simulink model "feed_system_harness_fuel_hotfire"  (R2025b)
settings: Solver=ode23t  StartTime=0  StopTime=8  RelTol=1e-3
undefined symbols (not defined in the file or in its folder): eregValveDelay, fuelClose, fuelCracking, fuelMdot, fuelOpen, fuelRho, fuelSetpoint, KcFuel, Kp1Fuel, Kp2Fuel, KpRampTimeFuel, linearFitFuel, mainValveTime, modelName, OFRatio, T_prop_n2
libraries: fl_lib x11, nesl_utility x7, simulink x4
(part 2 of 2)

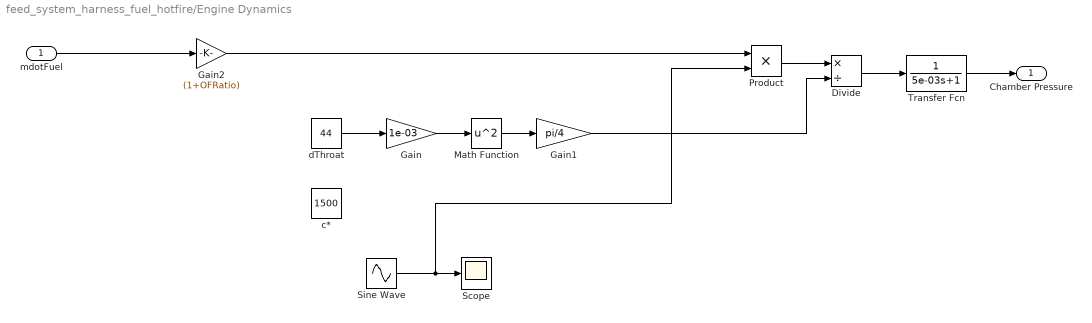
== system feed_system_harness_fuel_hotfire/Engine Dynamics ==
  mdotFuel : Inport
  Divide : Product  Inputs=*/
  Gain : Gain  Gain=1e-03
  Gain1 : Gain  Gain=pi/4
  Gain2 : Gain  Gain=(1+OFRatio)
  Math Function : Math  Operator=square
  Product : Product
  Scope : Scope
      settings: ActiveDisplayYMinimum=1312.500487492101  ActiveDisplayYMaximum=1687.4998929895169
  Sine Wave : Sin  Amplitude=100  Bias=1400  Frequency=10  Phase=pi  SampleTime=0.005
  Transfer Fcn : TransferFcn  Denominator=[5e-03 1]
  c* : Constant  Value=1500
  dThroat : Constant  Value=44
  Chamber Pressure : Outport
  wires:
  dThroat/1 -> Gain/1
  Gain/1 -> Math Function/1
  Math Function/1 -> Gain1/1
  Product/1 -> Divide/1
  Gain1/1 -> Divide/2
  Divide/1 -> Transfer Fcn/1
  Transfer Fcn/1 -> Chamber Pressure/1
  mdotFuel/1 -> Gain2/1
  Gain2/1 -> Product/1
  Sine Wave/1 -> Product/2, Scope/1

== matlab function feed_system_harness_fuel_hotfire/FeedBack Command ==
  data: propPressure input; propSetpoint input; valveAngle output; nd_error output; Kp input; fuelOpen input; fuelCracking input
function [valveAngle, nd_error] = eregControl(propPressure, propSetpoint, Kp, fuelOpen, fuelCracking)
nd_error = (1 - propPressure/propSetpoint); %Non dimensional error

valveAngle = nd_error * (fuelOpen - fuelCracking) * Kp;

== matlab function feed_system_harness_fuel_hotfire/FeedForwardCommand Fuel ==
  data: n2Pressure input; valveAngle output; CdA_measured output; CdACorrectionFactor input; linearFitFuel input; mdotProp input; rhoProp input; CdA output
function [valveAngle, CdA_measured, CdA] = feedForwardAngle(n2Pressure, CdACorrectionFactor, linearFitFuel, mdotProp, rhoProp)
    % Required effective flow area
    CdA_measured = (mdotProp / rhoProp) * 1/sqrt(max(0,n2Pressure)) * 0.673;
    CdA = CdA_measured * CdACorrectionFactor;
    
    valveAngle = max(polyval(linearFitFuel,CdA));

end

== matlab function feed_system_harness_fuel_hotfire/CdA Robustness Function ==
  data: array output; shiftBool input; shiftIdx input; scaleFactor input
function array = CdAArray(shiftBool, shiftIdx, scaleFactor)
array   = [0, 0, 0, 4.0e-6, 12.7e-6, 15.2e-6, 17.1e-6, 18.6e-6, 19.5e-6, 19.8e-6];
array = array * scaleFactor;
if shiftBool == true
    array = shiftArray(array, shiftIdx);
end

end

function shifted = shiftArray(array, n)
    % Shifts array by n positions.
    %   n > 0: shifts forward (right), padding the start with the first value
    %   n < 0: shifts backward (left), padding the end with the last value
    %   n = 0: returns array unchanged

    N = numel(array);
    shifted = zeros(size(array));

    if n >= 0
        n = min(n, N);
        shifted(1:n) = array(1);                  % pad start with first value
        shifted(n+1:end) = array(1:N-n);
    else
        n = min(-n, N);
        shifted(1:N-n) = array(n+1:end);
        shifted(N-n+1:end) = array(end);           % pad end with last value
    end
end

== matlab function feed_system_harness_fuel_hotfire/MATLAB Function ==
  data: u input; y output; fuelClose input; fuelOpen input
function y = fcn(u, fuelClose, fuelOpen)

y = (u - fuelClose)/(fuelOpen - fuelClose);
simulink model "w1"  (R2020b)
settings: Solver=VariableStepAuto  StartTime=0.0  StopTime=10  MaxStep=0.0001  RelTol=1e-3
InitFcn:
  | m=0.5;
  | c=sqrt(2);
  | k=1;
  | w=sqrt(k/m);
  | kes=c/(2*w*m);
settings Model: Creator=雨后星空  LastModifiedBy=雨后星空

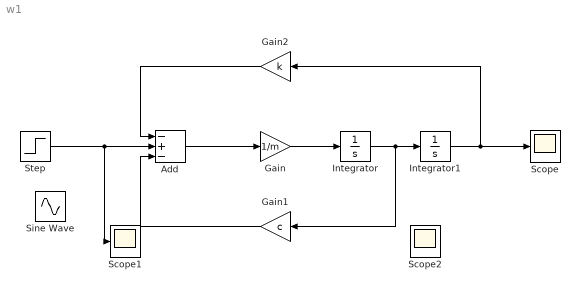
== system w1 ==
  Add : Sum  Inputs=-+-
  Gain : Gain  Gain=1/m
  Gain1 : Gain  Gain=c
  Gain2 : Gain  Gain=k
  Integrator : Integrator
  Integrator1 : Integrator
  Scope : Scope
  Scope1 : Scope
  Scope2 : Scope
  Sine Wave : Sin  SampleTime=0
  Step : Step  SampleTime=0
  wires:
  Add/1 -> Gain/1
  Gain/1 -> Integrator/1
  Integrator/1 -> Gain1/1, Integrator1/1
  Integrator1/1 -> Gain2/1, Scope/1
  Gain2/1 -> Add/1
  Gain1/1 -> Add/3
  Step/1 -> Scope1/1, Add/2

YOUR TASK:
Where a picture appears in the listing above, skip it and set down all the rest exactly.

EXERCISE OUTPUT:
simulink model "feed_system_harness_fuel_hotfire"  (R2025b)
settings: Solver=ode23t  StartTime=0  StopTime=8  RelTol=1e-3
undefined symbols (not defined in the file or in its folder): eregValveDelay, fuelClose, fuelCracking, fuelMdot, fuelOpen, fuelRho, fuelSetpoint, KcFuel, Kp1Fuel, Kp2Fuel, KpRampTimeFuel, linearFitFuel, mainValveTime, modelName, OFRatio, T_prop_n2
libraries: fl_lib x11, nesl_utility x7, simulink x4
(part 2 of 2)

== system feed_system_harness_fuel_hotfire/Engine Dynamics ==
  mdotFuel : Inport
  Divide : Product  Inputs=*/
  Gain : Gain  Gain=1e-03
  Gain1 : Gain  Gain=pi/4
  Gain2 : Gain  Gain=(1+OFRatio)
  Math Function : Math  Operator=square
  Product : Product
  Scope : Scope
      settings: ActiveDisplayYMinimum=1312.500487492101  ActiveDisplayYMaximum=1687.4998929895169
  Sine Wave : Sin  Amplitude=100  Bias=1400  Frequency=10  Phase=pi  SampleTime=0.005
  Transfer Fcn : TransferFcn  Denominator=[5e-03 1]
  c* : Constant  Value=1500
  dThroat : Constant  Value=44
  Chamber Pressure : Outport
  wires:
  dThroat/1 -> Gain/1
  Gain/1 -> Math Function/1
  Math Function/1 -> Gain1/1
  Product/1 -> Divide/1
  Gain1/1 -> Divide/2
  Divide/1 -> Transfer Fcn/1
  Transfer Fcn/1 -> Chamber Pressure/1
  mdotFuel/1 -> Gain2/1
  Gain2/1 -> Product/1
  Sine Wave/1 -> Product/2, Scope/1

== matlab function feed_system_harness_fuel_hotfire/FeedBack Command ==
  data: propPressure input; propSetpoint input; valveAngle output; nd_error output; Kp input; fuelOpen input; fuelCracking input
function [valveAngle, nd_error] = eregControl(propPressure, propSetpoint, Kp, fuelOpen, fuelCracking)
nd_error = (1 - propPressure/propSetpoint); %Non dimensional error

valveAngle = nd_error * (fuelOpen - fuelCracking) * Kp;

== matlab function feed_system_harness_fuel_hotfire/FeedForwardCommand Fuel ==
  data: n2Pressure input; valveAngle output; CdA_measured output; CdACorrectionFactor input; linearFitFuel input; mdotProp input; rhoProp input; CdA output
function [valveAngle, CdA_measured, CdA] = feedForwardAngle(n2Pressure, CdACorrectionFactor, linearFitFuel, mdotProp, rhoProp)
    % Required effective flow area
    CdA_measured = (mdotProp / rhoProp) * 1/sqrt(max(0,n2Pressure)) * 0.673;
    CdA = CdA_measured * CdACorrectionFactor;
    
    valveAngle = max(polyval(linearFitFuel,CdA));

end

== matlab function feed_system_harness_fuel_hotfire/CdA Robustness Function ==
  data: array output; shiftBool input; shiftIdx input; scaleFactor input
function array = CdAArray(shiftBool, shiftIdx, scaleFactor)
array   = [0, 0, 0, 4.0e-6, 12.7e-6, 15.2e-6, 17.1e-6, 18.6e-6, 19.5e-6, 19.8e-6];
array = array * scaleFactor;
if shiftBool == true
    array = shiftArray(array, shiftIdx);
end

end

function shifted = shiftArray(array, n)
    % Shifts array by n positions.
    %   n > 0: shifts forward (right), padding the start with the first value
    %   n < 0: shifts backward (left), padding the end with the last value
    %   n = 0: returns array unchanged

    N = numel(array);
    shifted = zeros(size(array));

    if n >= 0
        n = min(n, N);
        shifted(1:n) = array(1);                  % pad start with first value
        shifted(n+1:end) = array(1:N-n);
    else
        n = min(-n, N);
        shifted(1:N-n) = array(n+1:end);
        shifted(N-n+1:end) = array(end);           % pad end with last value
    end
end

== matlab function feed_system_harness_fuel_hotfire/MATLAB Function ==
  data: u input; y output; fuelClose input; fuelOpen input
function y = fcn(u, fuelClose, fuelOpen)

y = (u - fuelClose)/(fuelOpen - fuelClose);
simulink model "w1"  (R2020b)
settings: Solver=VariableStepAuto  StartTime=0.0  StopTime=10  MaxStep=0.0001  RelTol=1e-3
InitFcn:
  | m=0.5;
  | c=sqrt(2);
  | k=1;
  | w=sqrt(k/m);
  | kes=c/(2*w*m);
settings Model: Creator=雨后星空  LastModifiedBy=雨后星空

== system w1 ==
  Add : Sum  Inputs=-+-
  Gain : Gain  Gain=1/m
  Gain1 : Gain  Gain=c
  Gain2 : Gain  Gain=k
  Integrator : Integrator
  Integrator1 : Integrator
  Scope : Scope
  Scope1 : Scope
  Scope2 : Scope
  Sine Wave : Sin  SampleTime=0
  Step : Step  SampleTime=0
  wires:
  Add/1 -> Gain/1
  Gain/1 -> Integrator/1
  Integrator/1 -> Gain1/1, Integrator1/1
  Integrator1/1 -> Gain2/1, Scope/1
  Gain2/1 -> Add/1
  Gain1/1 -> Add/3
  Step/1 -> Scope1/1, Add/2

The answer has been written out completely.